Date : dimanche 1er octobre 2017

 

 

C'est dimanche soir, et il y a du monde à la Mécanique Ondulatoire, le temps encore clément et l'affiche intéressante doivent pouvoir expliquer cela, et on ne s'en plaindra pas, cela permet de voir des têtes connues, et au passage de prendre des nouvelles de l'épaule (toujours douloureuse, mais plus ou moins gérée) fracturée de Ben, le chanteur d'Harassment...

 

Comme d’habitude, le concert ne débute pas vraiment à l'heure annoncée (20h45 pour 20h30), et cela nous inquiète un peu car pas moins de quatre groupes sont censés jouer, autant dire qu'on craint de ne pas assister à l'intégralité de la soirée... C'est Pierre & Bastien, le trio parisien qui se sent ici comme chez lui, mais que l'on n'a pas revu en concert depuis 6 mois, qui entame les hostilités, avec un Freddy boitillant installé avec sa batterie sur la scène tandis que ses deux acolytes guitaristes se posent dans la fosse, ce qui calmera d'entrée les velléités de pogo, mais densifiera d'autant plus la cave, puisque celle-ci semblera quasiment pleine. groupes, cela limite la durée de chaque set, alors le groupe va tenter de profiter au maximum de sa demi-heure réglementaire, avec une set-list piochant dans toute sa discographie, et un son rêche et bien punk qui collera particulièrement bien avec la voix encore plus rageuse que d’habitude d'un Paul que l'on sent au taquet du début à la fin.
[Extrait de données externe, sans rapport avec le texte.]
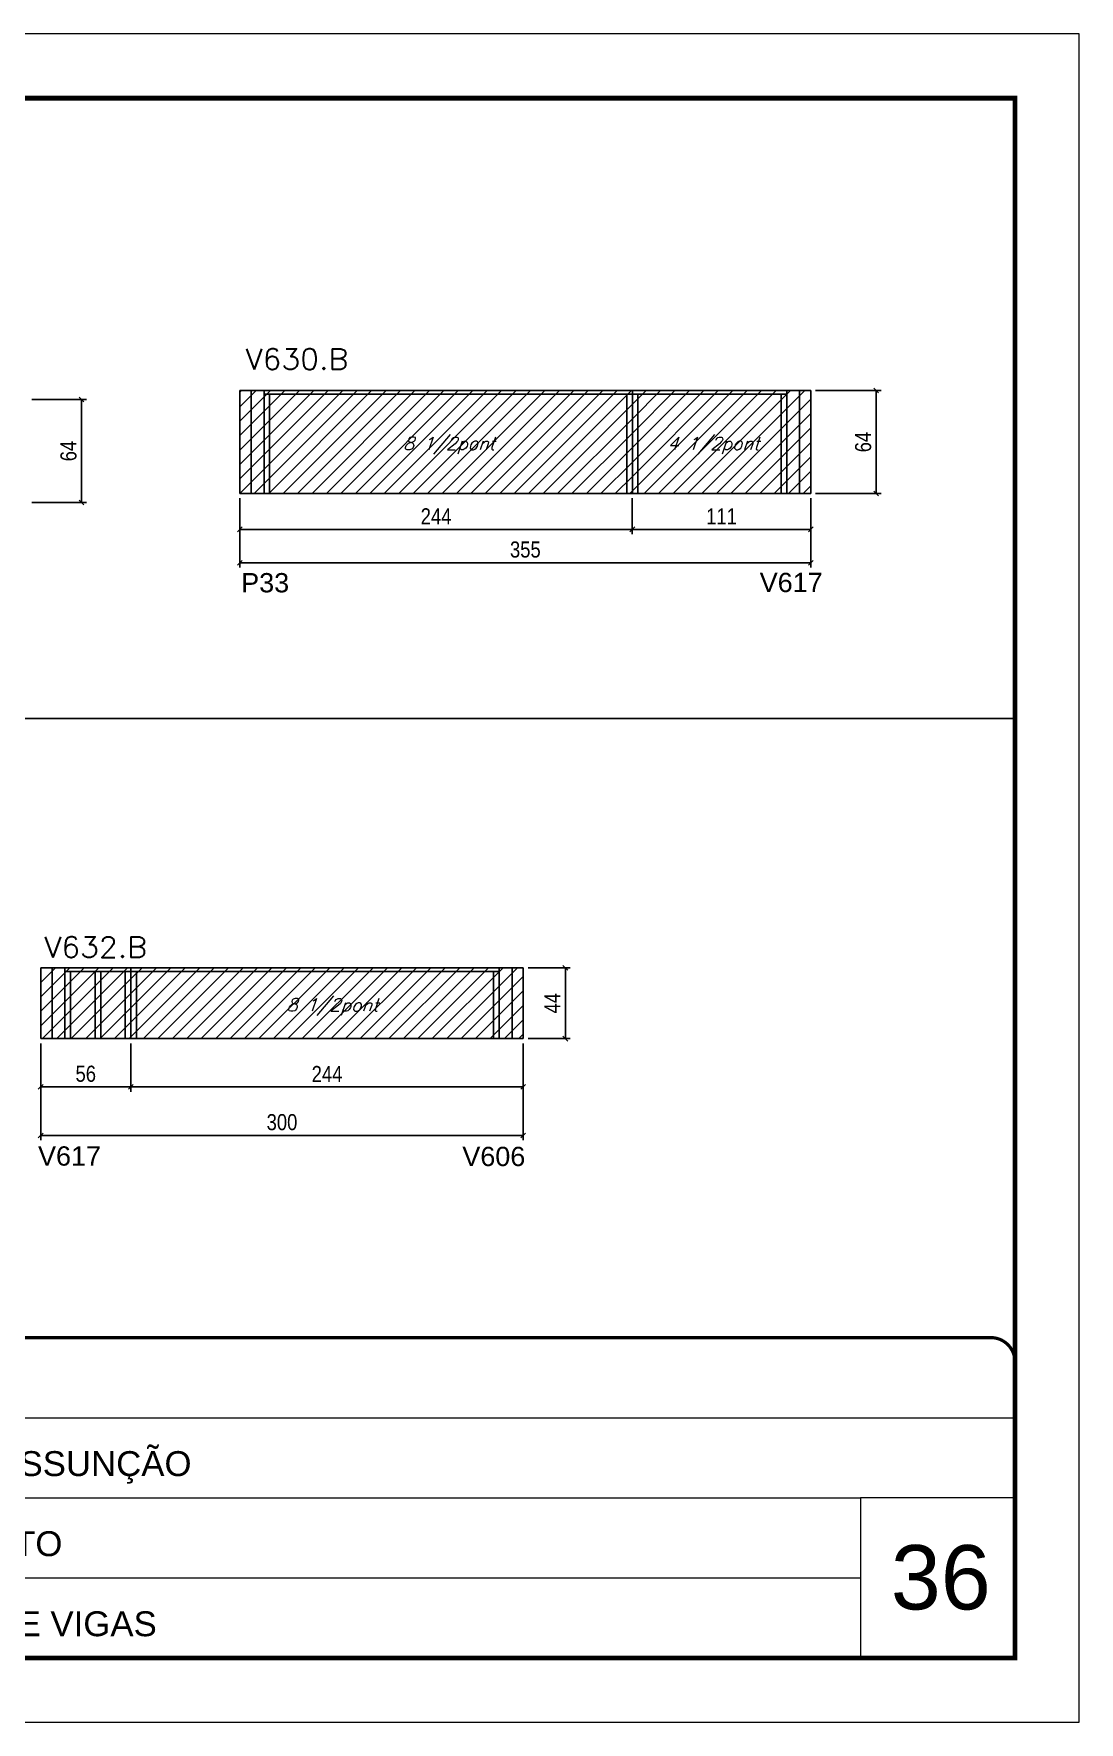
# Model space of a CAD drawing. Extents: x -20960 to -5926, y -2106 to 21915.
# Drawn here: x -6617 to -5967, y 11677 to 12727 of the extents above; entities that cross this region are included whole.
import ezdxf

# ---------------------------------------------------------------- set-up
doc = ezdxf.new("R2010")
doc.units = 0
doc.linetypes.add('CONTINUO', pattern=[0])
doc.linetypes.add('DASHED', pattern=[0.75, 0.5, -0.25])
for name, color, linetype in [('5', 5, 'Continuous'), ('COTA', 241, 'Continuous'), ('Painéis', 200, 'Continuous'), ('Reaproveitamento', 251, 'Continuous'), ('SARR_2.2x7', 40, 'Continuous'), ('SARR_3.5x7', 81, 'Continuous'), ('texto', 7, 'Continuous')]:
    doc.layers.add(name, color=color, linetype=linetype)
for name, color, linetype, lineweight in [('CARIMBO', 255, 'Continuous', 9), ('Folhas', 255, 'Continuous', 9), ('SARRAFO DE PRESSAO', 251, 'DASHED', 9), ('Texto Seção', 7, 'Continuous', 15)]:
    doc.layers.add(name, color=color, linetype=linetype, lineweight=lineweight)
doc.styles.add('ARIAL', font='arial.ttf')
doc.styles.add('COTA TECNICA', font='techl___.ttf', dxfattribs={"height": 10})
doc.styles.add('REGUA-120', font='ROMANS.shx', dxfattribs={"height": 15})
doc.styles.add('Romans', font='romans.shx')
doc.styles.get("Standard").update_dxf_attribs({"font": 'arial.ttf'})
doc.dimstyles.new('PAINEL', dxfattribs={"dimtxt": 10, "dimasz": 3, "dimexe": 3, "dimexo": 3, "dimgap": 3, "dimtad": 1, "dimdec": 1, "dimzin": 12, "dimdsep": 46, "dimtxsty": 'COTA TECNICA', "dimblk1": 'OBLIQUE', "dimblk2": 'OBLIQUE', "dimsah": 1, "dimcen": 0.9, "dimclrd": 4, "dimclre": 4, "dimclrt": 240, "dimadec": 1, "dimazin": 3, "dimtfac": 1, "dimtdec": 1, "dimtmove": 0, "dimatfit": 3, "dimfxl": 1, "dimtolj": 1, "dimtzin": 12, "dimarcsym": 0})
pattern_1 = [(45, (-149427.293, -18298.834), (-4.49012806, 4.49012806), [])]
pattern_2 = [(45, (-148596.6516, -17898.556), (-4.49012806, 4.49012806), [])]

# ---------------------------------------------------------------- blocks, each defined once
blk = doc.blocks.new('9999999999')
at = {"color": 30, "linetype": 'CONTINUO'}
for p, q in [((98564.6, 34379.6), (99584, 34379.6)), ((98564.6, 34329.8), (99488, 34329.8)), ((99584, 34329.8), (99488, 34329.8)), ((99488, 34329.8), (99488, 34230.2)), ((98564.6, 34280), (99488, 34280))]:
    blk.add_line(p, q, dxfattribs=at)
at = {"color": 30, "linetype": 'CONTINUO', "const_width": 2}
blk.add_lwpolyline([(99584, 34230.2), (99584, 34414.4, 0.414214), (99569, 34429.4), (98229, 34429.4, 0.414214), (98214, 34414.4), (98214, 34245.2, 0.414214), (98229, 34230.2), (99584, 34230.2)], format="xyb", dxfattribs=at)
at = {"layer": 'Folhas'}
blk.add_lwpolyline([(98139, 34190.2), (99624, 34190.2), (99624, 35240.2), (98139, 35240.2)], close=True, dxfattribs=at)
at = {"layer": 'Folhas', "color": 30, "const_width": 3}
blk.add_lwpolyline([(98214, 34230.2), (99584, 34230.2), (99584, 35200.2), (98214, 35200.2)], close=True, dxfattribs=at)
at = {"color": 7, "linetype": 'Continuous', "ltscale": 5, "style": 'ARIAL'}
for s, p in [('HOSPITAL ASSUNÇÃO', (98837.7, 34343.3)), ('4° PAVIMENTO', (98837.7, 34293.5)), ('LATERAIS DE VIGAS', (98837.7, 34243.7))]:
    blk.add_text(s, height=15.483, dxfattribs=at).set_placement(p)
blk = doc.blocks.new('_Oblique')
at = {"color": 0, "linetype": 'ByBlock', "lineweight": -2}
blk.add_line((-0.5, -0.5), (0.5, 0.5), dxfattribs=at)
blk = doc.blocks.new('*D1024')
at = {"layer": 'COTA', "color": 4, "linetype": 'ByBlock', "lineweight": -2, "transparency": 16777216}
for p, q in [((-6612.7, 12098.9), (-6612.7, 12038.7)), ((-6312.7, 12098.9), (-6312.7, 12038.7)), ((-6312.7, 12041.7), (-6612.7, 12041.7))]:
    blk.add_line(p, q, dxfattribs=at)
at = {"layer": 'Defpoints', "color": 0, "linetype": 'ByBlock', "transparency": 16777216}
for p in [(-6612.7, 12101.9), (-6312.7, 12101.9), (-6612.7, 12041.7)]:
    blk.add_point(p, dxfattribs=at)
at = {"layer": 'COTA', "color": 4, "linetype": 'ByBlock', "lineweight": -2, "transparency": 16777216, "xscale": 3, "yscale": 3, "zscale": 3, "rotation": 180}
blk.add_blockref('_Oblique', (-6612.7, 12041.7), dxfattribs=at)
at = {"layer": 'COTA', "color": 4, "linetype": 'ByBlock', "lineweight": -2, "transparency": 16777216, "xscale": 3, "yscale": 3, "zscale": 3}
blk.add_blockref('_Oblique', (-6312.7, 12041.7), dxfattribs=at)
at = {"layer": 'COTA', "color": 240, "linetype": 'ByBlock', "transparency": 16777216, "insert": (-6462.7, 12049.9), "char_height": 10, "attachment_point": 5, "style": 'COTA TECNICA'}
blk.add_mtext('\\A1;300', dxfattribs=at)
blk = doc.blocks.new('*D1025')
at = {"layer": 'COTA', "color": 4, "linetype": 'ByBlock', "lineweight": -2, "transparency": 16777216}
for p, q in [((-6556.7, 12098.9), (-6556.7, 12068.9)), ((-6312.7, 12098.9), (-6312.7, 12068.9)), ((-6312.7, 12071.9), (-6556.7, 12071.9))]:
    blk.add_line(p, q, dxfattribs=at)
at = {"layer": 'Defpoints', "color": 0, "linetype": 'ByBlock', "transparency": 16777216}
for p in [(-6556.7, 12101.9), (-6312.7, 12101.9), (-6556.7, 12071.9)]:
    blk.add_point(p, dxfattribs=at)
at = {"layer": 'COTA', "color": 4, "linetype": 'ByBlock', "lineweight": -2, "transparency": 16777216, "xscale": 3, "yscale": 3, "zscale": 3, "rotation": 180}
blk.add_blockref('_Oblique', (-6556.7, 12071.9), dxfattribs=at)
at = {"layer": 'COTA', "color": 4, "linetype": 'ByBlock', "lineweight": -2, "transparency": 16777216, "xscale": 3, "yscale": 3, "zscale": 3}
blk.add_blockref('_Oblique', (-6312.7, 12071.9), dxfattribs=at)
at = {"layer": 'COTA', "color": 240, "linetype": 'ByBlock', "transparency": 16777216, "insert": (-6434.7, 12079.9), "char_height": 10, "attachment_point": 5, "style": 'COTA TECNICA'}
blk.add_mtext('\\A1;244', dxfattribs=at)
blk = doc.blocks.new('*D1026')
at = {"layer": 'COTA', "color": 4, "linetype": 'ByBlock', "lineweight": -2, "transparency": 16777216}
for p, q in [((-6612.7, 12098.9), (-6612.7, 12068.9)), ((-6556.7, 12098.9), (-6556.7, 12068.9)), ((-6612.7, 12071.9), (-6556.7, 12071.9))]:
    blk.add_line(p, q, dxfattribs=at)
at = {"layer": 'Defpoints', "color": 0, "linetype": 'ByBlock', "transparency": 16777216}
for p in [(-6612.7, 12101.9), (-6556.7, 12101.9), (-6556.7, 12071.9)]:
    blk.add_point(p, dxfattribs=at)
at = {"layer": 'COTA', "color": 4, "linetype": 'ByBlock', "lineweight": -2, "transparency": 16777216, "xscale": 3, "yscale": 3, "zscale": 3, "rotation": 180}
blk.add_blockref('_Oblique', (-6612.7, 12071.9), dxfattribs=at)
at = {"layer": 'COTA', "color": 4, "linetype": 'ByBlock', "lineweight": -2, "transparency": 16777216, "xscale": 3, "yscale": 3, "zscale": 3}
blk.add_blockref('_Oblique', (-6556.7, 12071.9), dxfattribs=at)
at = {"layer": 'COTA', "color": 240, "linetype": 'ByBlock', "transparency": 16777216, "insert": (-6584.7, 12080), "char_height": 10, "attachment_point": 5, "style": 'COTA TECNICA'}
blk.add_mtext('\\A1;56', dxfattribs=at)
blk = doc.blocks.new('*D1027')
at = {"layer": 'COTA', "color": 4, "linetype": 'ByBlock', "lineweight": -2, "transparency": 16777216}
for p, q in [((-6309.7, 12145.9), (-6283.5, 12145.9)), ((-6286.5, 12145.9), (-6286.5, 12101.9)), ((-6309.7, 12101.9), (-6283.5, 12101.9))]:
    blk.add_line(p, q, dxfattribs=at)
at = {"layer": 'Defpoints', "color": 0, "linetype": 'ByBlock', "transparency": 16777216}
for p in [(-6312.7, 12145.9), (-6312.7, 12101.9), (-6286.5, 12101.9)]:
    blk.add_point(p, dxfattribs=at)
at = {"layer": 'COTA', "color": 4, "linetype": 'ByBlock', "lineweight": -2, "transparency": 16777216, "xscale": 3, "yscale": 3, "zscale": 3}
for p, rotation in [((-6286.5, 12145.9), 90), ((-6286.5, 12101.9), 270)]:
    blk.add_blockref('_Oblique', p, dxfattribs=dict(at, rotation=rotation))
at = {"layer": 'COTA', "color": 240, "linetype": 'ByBlock', "transparency": 16777216, "insert": (-6294.6, 12123.9), "char_height": 10, "attachment_point": 5, "rotation": 90, "style": 'COTA TECNICA'}
blk.add_mtext('\\A1;44', dxfattribs=at)
blk = doc.blocks.new('*D1032')
at = {"layer": 'COTA', "color": 4, "linetype": 'ByBlock', "lineweight": -2, "transparency": 16777216}
for p, q in [((-6618.3, 12499.3), (-6584.3, 12499.3)), ((-6587.3, 12499.3), (-6587.3, 12435.3)), ((-6618.3, 12435.3), (-6584.3, 12435.3))]:
    blk.add_line(p, q, dxfattribs=at)
at = {"layer": 'Defpoints', "color": 0, "linetype": 'ByBlock', "transparency": 16777216}
for p in [(-6621.3, 12499.3), (-6621.3, 12435.3), (-6587.3, 12435.3)]:
    blk.add_point(p, dxfattribs=at)
at = {"layer": 'COTA', "color": 4, "linetype": 'ByBlock', "lineweight": -2, "transparency": 16777216, "xscale": 3, "yscale": 3, "zscale": 3}
for p, rotation in [((-6587.3, 12499.3), 90), ((-6587.3, 12435.3), 270)]:
    blk.add_blockref('_Oblique', p, dxfattribs=dict(at, rotation=rotation))
at = {"layer": 'COTA', "color": 240, "linetype": 'ByBlock', "transparency": 16777216, "insert": (-6595.4, 12467.3), "char_height": 10, "attachment_point": 5, "rotation": 90, "style": 'COTA TECNICA'}
blk.add_mtext('\\A1;64', dxfattribs=at)
blk = doc.blocks.new('*D1033')
at = {"layer": 'COTA', "color": 4, "linetype": 'ByBlock', "lineweight": -2, "transparency": 16777216}
for p, q in [((-6244.9, 12437.9), (-6244.9, 12415.6)), ((-6133.9, 12437.9), (-6133.9, 12415.6)), ((-6133.9, 12418.6), (-6244.9, 12418.6))]:
    blk.add_line(p, q, dxfattribs=at)
at = {"layer": 'Defpoints', "color": 0, "linetype": 'ByBlock', "transparency": 16777216}
for p in [(-6244.9, 12440.9), (-6133.9, 12440.9), (-6244.9, 12418.6)]:
    blk.add_point(p, dxfattribs=at)
at = {"layer": 'COTA', "color": 4, "linetype": 'ByBlock', "lineweight": -2, "transparency": 16777216, "xscale": 3, "yscale": 3, "zscale": 3, "rotation": 180}
blk.add_blockref('_Oblique', (-6244.9, 12418.6), dxfattribs=at)
at = {"layer": 'COTA', "color": 4, "linetype": 'ByBlock', "lineweight": -2, "transparency": 16777216, "xscale": 3, "yscale": 3, "zscale": 3}
blk.add_blockref('_Oblique', (-6133.9, 12418.6), dxfattribs=at)
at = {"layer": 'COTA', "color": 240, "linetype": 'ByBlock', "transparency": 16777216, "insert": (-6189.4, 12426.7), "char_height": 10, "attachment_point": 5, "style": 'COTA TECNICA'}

Qu'on se rassure, ce ne sont pas trente minutes ininterrompues de musique qui vont déferler dans nos oreilles, les enchaînements seront parfois aléatoires, Paul cassera une corde de sa guitare, ce qui permettra à Freddy de demander si quelqu’un connaît une blague dans la salle (gros silence à suivre...), et certains titres auront droit à plusieurs démarrages, tel ce guitar hero sur lequel Paul avouera avoir oublié les paroles... Les spectateurs sont ravis des titres proposés, ainsi ce victime ("une nouvelle vieille chanson") ressorti des oubliettes, ou ce mitterrand qui laisse toujours une bonne partie du public ne sachant si c'est du lard ou du cochon, et si les larsens règnent en maître sur une partie du concert, cela ne fait qu'ajouter à cette atmosphère résolument punk, et lorsque les lumières se rallument on ne trouvera pas beaucoup de rabat-joie, c'était du plaisir total, et on attend avec impatience le concert de Protomartyr à la Maro, puisque le groupe en sera l'une des premières parties...

Set-list :

  1. journal
  2. bon à rien
  3. grosse caisse
  4. secret
  5. victime
  6. destinée
  7. mitterrand
  8. guitar hero
  9. auto-entrepreneur

 

Pour être franc, on profitera des fauteuils de l'étage pendant la prestation des Youth Avoiders, que j'avais pourtant bien appréciés l'an passé au même endroit (c'est promis, on se rattrapera une prochaine fois), et on ne passera guère de temps devant Pura Mania, la punk à tendance oï des Canadiens ne me convenant pas plus que cela en cette fin de week-end. Pire, sachant qu'il est déjà pas loin de 23h, on recule devant la perspective d'attendre encore pour écouter Spectres, alors que le post-punk des Canadiens semble lui aussi alléchant : c'est pas beau de vieillir !

 

Bref, en guise de punition, on risque d'attendre une bonne quinzaine de jours avant le prochain concert, qui sera celui des Dead Kennedys (les musiciens d'origine, sans Jello évidemment) à la Maroquinerie.